EXERCISE GOAL :: Among the lines below, return each one that contains the word "Inport".

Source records
───
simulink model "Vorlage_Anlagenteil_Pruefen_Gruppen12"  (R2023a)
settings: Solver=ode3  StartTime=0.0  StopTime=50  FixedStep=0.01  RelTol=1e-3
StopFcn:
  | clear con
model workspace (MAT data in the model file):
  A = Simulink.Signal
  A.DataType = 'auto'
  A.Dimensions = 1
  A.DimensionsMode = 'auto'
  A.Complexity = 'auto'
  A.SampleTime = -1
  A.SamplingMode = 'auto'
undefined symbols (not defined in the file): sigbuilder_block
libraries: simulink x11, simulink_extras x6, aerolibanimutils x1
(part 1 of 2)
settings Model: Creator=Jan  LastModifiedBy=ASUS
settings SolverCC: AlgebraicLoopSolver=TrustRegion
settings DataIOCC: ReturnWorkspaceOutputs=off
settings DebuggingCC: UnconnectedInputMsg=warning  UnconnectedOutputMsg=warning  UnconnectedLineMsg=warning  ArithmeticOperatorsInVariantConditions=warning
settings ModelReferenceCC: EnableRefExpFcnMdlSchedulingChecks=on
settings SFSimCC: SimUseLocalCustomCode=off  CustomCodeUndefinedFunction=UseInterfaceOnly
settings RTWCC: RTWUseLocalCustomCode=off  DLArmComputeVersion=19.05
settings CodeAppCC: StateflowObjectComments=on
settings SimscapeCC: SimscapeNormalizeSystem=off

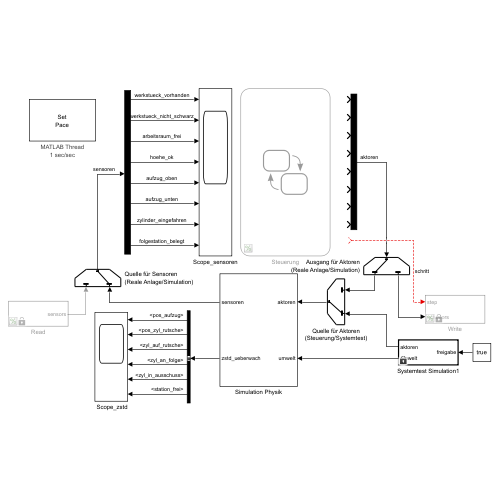
[thumbnail: Simulink's stored preview of the top-level diagram]
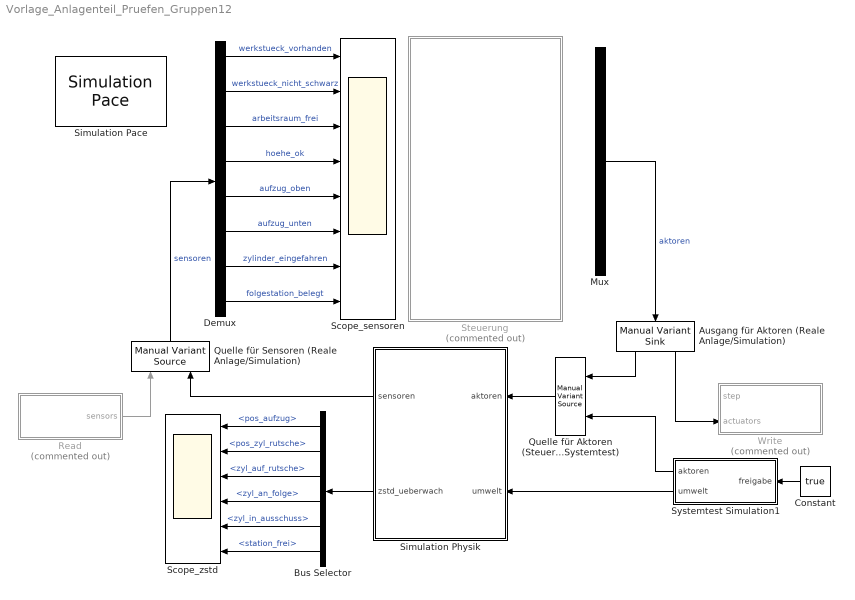
== system Vorlage_Anlagenteil_Pruefen_Gruppen12 ==
  " Scope_zstd" : Scope  NumInputPorts=6
  Ausgang für Aktoren (Reale Anlage/Simulation) : simulink/Signal Routing/Manual Variant Sink  NumChoices=2  LabelModeActiveChoice=V_1
  Bus Selector : BusSelector  OutputSignals=pos_aufzug,pos_zyl_rutsche,zyl_auf_rutsche,zyl_an_folge,zyl_in_ausschuss,station_frei
  Constant : Constant  Value=true
  Demux : Demux  Outputs=8
  Mux : Mux  Inputs=8
  Quelle für Aktoren (Steuerung/Systemtest) : simulink/Signal Routing/Manual Variant Source  NumChoices=2  LabelModeActiveChoice=V_2
  Quelle für Sensoren (Reale Anlage/Simulation) : simulink/Signal Routing/Manual Variant Source  NumChoices=2  LabelModeActiveChoice=V_2
  Read : Subsystem  Commented=on
  Scope_sensoren : Scope  NumInputPorts=8
  Simulation Pace : aerolibanimutils/Simulation Pace  SimulationPace=1  SleepMode=MATLAB Thread  OutputPaceError=off  SampleTime=-1
  Simulation Physik : Subsystem
  Steuerung : Stateflow chart  Commented=on  TreatAsAtomicUnit=on
  Systemtest Simulation1 : Subsystem  TreatAsAtomicUnit=on
  Write : Subsystem  Commented=on
  wires:
  Quelle für Sensoren (Reale Anlage/Simulation)/1 -> Demux/1  "sensoren"
  Read/1(sensors) -> Quelle für Sensoren (Reale Anlage/Simulation)/1
  Mux/1 -> Ausgang für Aktoren (Reale Anlage/Simulation)/1  "aktoren"
  Simulation Physik/1(sensoren) -> Quelle für Sensoren (Reale Anlage/Simulation)/2
  Ausgang für Aktoren (Reale Anlage/Simulation)/2 -> Write/2(actuators)
  Ausgang für Aktoren (Reale Anlage/Simulation)/1 -> Quelle für Aktoren (Steuerung/Systemtest)/1
  Quelle für Aktoren (Steuerung/Systemtest)/1 -> Simulation Physik/1(aktoren)
  Systemtest Simulation1/1(aktoren) -> Quelle für Aktoren (Steuerung/Systemtest)/2
  Systemtest Simulation1/2(umwelt) -> Simulation Physik/2(umwelt)
  Simulation Physik/2(zstd_ueberwach) -> Bus Selector/1
  Bus Selector/1 -> " Scope_zstd"/1  "<pos_aufzug>"
  Bus Selector/2 -> " Scope_zstd"/2  "<pos_zyl_rutsche>"
  Bus Selector/3 -> " Scope_zstd"/3  "<zyl_auf_rutsche>"
  Bus Selector/4 -> " Scope_zstd"/4  "<zyl_an_folge>"
  Bus Selector/5 -> " Scope_zstd"/5  "<zyl_in_ausschuss>"
  Bus Selector/6 -> " Scope_zstd"/6  "<station_frei>"
  Demux/1 -> Scope_sensoren/1  "werkstueck_vorhanden"
  Demux/2 -> Scope_sensoren/2  "werkstueck_nicht_schwarz"
  Demux/3 -> Scope_sensoren/3  "arbeitsraum_frei"
  Demux/4 -> Scope_sensoren/4  "hoehe_ok"
  Demux/5 -> Scope_sensoren/5  "aufzug_oben"
  Demux/6 -> Scope_sensoren/6  "aufzug_unten"
  Demux/7 -> Scope_sensoren/7  "zylinder_eingefahren"
  Demux/8 -> Scope_sensoren/8  "folgestation_belegt"
  ? -> Write/1(step)  "schritt"
  Constant/1 -> Systemtest Simulation1/1(freigabe)

== system Vorlage_Anlagenteil_Pruefen_Gruppen12/Read ==
  Read : MATLAB Function  TreatAsAtomicUnit=on
  sensors : Outport  VectorParamsAs1DForOutWhenUnconnected=off
  wires:
  Read/1(senarr) -> sensors/1

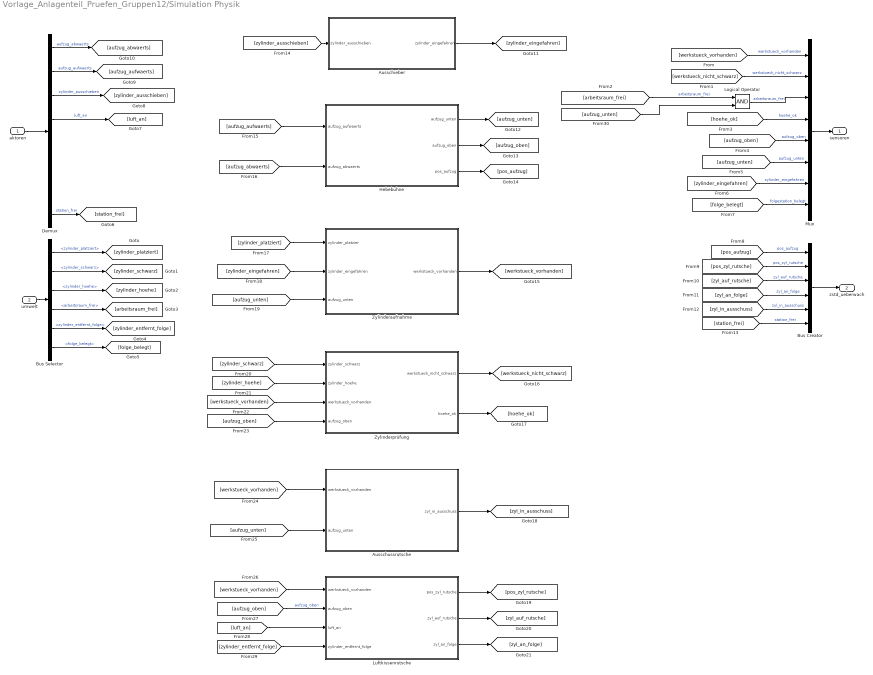
== system Vorlage_Anlagenteil_Pruefen_Gruppen12/Simulation Physik ==
  aktoren : Inport
  umwelt : Inport  Port=2
  Ausschieber : Subsystem
  Ausschussrutsche : Subsystem  TreatAsAtomicUnit=on
  Bus Creator : BusCreator  Inputs=6
  Bus Selector : BusSelector  OutputSignals=zylinder_platziert,zylinder_schwarz,zylinder_hoehe,arbeitsraum_frei,zylinder_entfernt_folge,folge_belegt
  Demux : Demux  Outputs=8
  "Hebebühne " : Subsystem
  Logical Operator : Logic  AllPortsSameDT=off  OutDataTypeStr=boolean
  Luftkissenrutsche : Subsystem
  Mux : Mux  Inputs=8
  Zylinderaufnahme : Subsystem
  Zylinderprüfung : Subsystem
  sensoren : Outport  VectorParamsAs1DForOutWhenUnconnected=off
  zstd_ueberwach : Outport  Port=2  VectorParamsAs1DForOutWhenUnconnected=off
  wires:
  aktoren/1 -> Demux/1
  Mux/1 -> sensoren/1
  Demux/1 -> [aufzug_abwaerts]  "aufzug_abwaerts"
  [folge_belegt] -> Mux/8  "folgestation_belegt"
  Demux/2 -> [aufzug_aufwaerts]  "aufzug_aufwaerts"
  Demux/3 -> [zylinder_ausschieben]  "zylinder_ausschieben"
  [werkstueck_vorhanden] -> Mux/1  "werkstueck_vorhanden"
  [hoehe_ok] -> Mux/4  "hoehe_ok"
  [werkstueck_nicht_schwarz] -> Mux/2  "werkstueck_nicht_schwarz"
  umwelt/1 -> Bus Selector/1
  Bus Selector/1 -> [zylinder_platziert]  "<zylinder_platziert>"
  Bus Selector/2 -> [zylinder_schwarz]  "<zylinder_schwarz>"
  Bus Selector/4 -> [arbeitsraum_frei]  "<arbeitsraum_frei>"
  Bus Selector/5 -> [zylinder_entfernt_folge]  "<zylinder_entfernt_folge>"
  Bus Selector/6 -> [folge_belegt]  "<folge_belegt>"
  [pos_aufzug] -> Bus Creator/1  "pos_aufzug"
  Bus Creator/1 -> zstd_ueberwach/1
  [pos_zyl_rutsche] -> Bus Creator/2  "pos_zyl_rutsche"
  [zyl_auf_rutsche] -> Bus Creator/3  "zyl_auf_rutsche"
  [zyl_an_folge] -> Bus Creator/4  "zyl_an_folge"
  [zyl_in_ausschuss] -> Bus Creator/5  "zyl_in_ausschuss"
  [aufzug_unten] -> Mux/6  "aufzug_unten"
  [zylinder_eingefahren] -> Mux/7  "zylinder_eingefahren"
  [aufzug_oben] -> Mux/5  "aufzug_oben"
  Bus Selector/3 -> [zylinder_hoehe]  "<zylinder_hoehe>"
  Demux/8 -> [station_frei]  "station_frei"
  [station_frei] -> Bus Creator/6  "station_frei"
  Demux/4 -> [luft_an]  "luft_an"
  [zylinder_ausschieben] -> Ausschieber/1(zylinder_ausschieben)
  Ausschieber/1(zylinder_eingefahren) -> [zylinder_eingefahren]
  [aufzug_aufwaerts] -> "Hebebühne "/1(aufzug_aufwaerts)
  [aufzug_abwaerts] -> "Hebebühne "/2(aufzug_abwaerts)
  "Hebebühne "/1(aufzug_unten) -> [aufzug_unten]
  "Hebebühne "/2(aufzug_oben) -> [aufzug_oben]
  "Hebebühne "/3(pos_aufzug) -> [pos_aufzug]
  [aufzug_unten] -> Zylinderaufnahme/3(aufzug_unten)
  [zylinder_eingefahren] -> Zylinderaufnahme/2(zylinder_eingefahren)
  [zylinder_platziert] -> Zylinderaufnahme/1(zylinder_platzier)
  Zylinderaufnahme/1(werkstueck_vorhanden) -> [werkstueck_vorhanden]
  [zylinder_schwarz] -> Zylinderprüfung/1(zylinder_schwarz)
  [zylinder_hoehe] -> Zylinderprüfung/2(zylinder_hoehe)
  [werkstueck_vorhanden] -> Zylinderprüfung/3(werkstueck_vorhanden)
  [aufzug_oben] -> Zylinderprüfung/4("aufzug_oben ")
  Zylinderprüfung/1(werkstueck_nicht_schwarz) -> [werkstueck_nicht_schwarz]
  Zylinderprüfung/2(hoehe_ok) -> [hoehe_ok]
  [aufzug_unten] -> Ausschussrutsche/2("aufzug_unten ")
  [werkstueck_vorhanden] -> Ausschussrutsche/1(werkstueck_vorhanden)
  Ausschussrutsche/1(zyl_in_ausschuss) -> [zyl_in_ausschuss]
  Luftkissenrutsche/1(pos_zyl_rutsche) -> [pos_zyl_rutsche]
  Luftkissenrutsche/3(zyl_an_folge) -> [zyl_an_folge]
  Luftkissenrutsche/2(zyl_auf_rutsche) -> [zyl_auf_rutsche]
───
EXERCISE RESPONSE ::
  aktoren : Inport
  umwelt : Inport  Port=2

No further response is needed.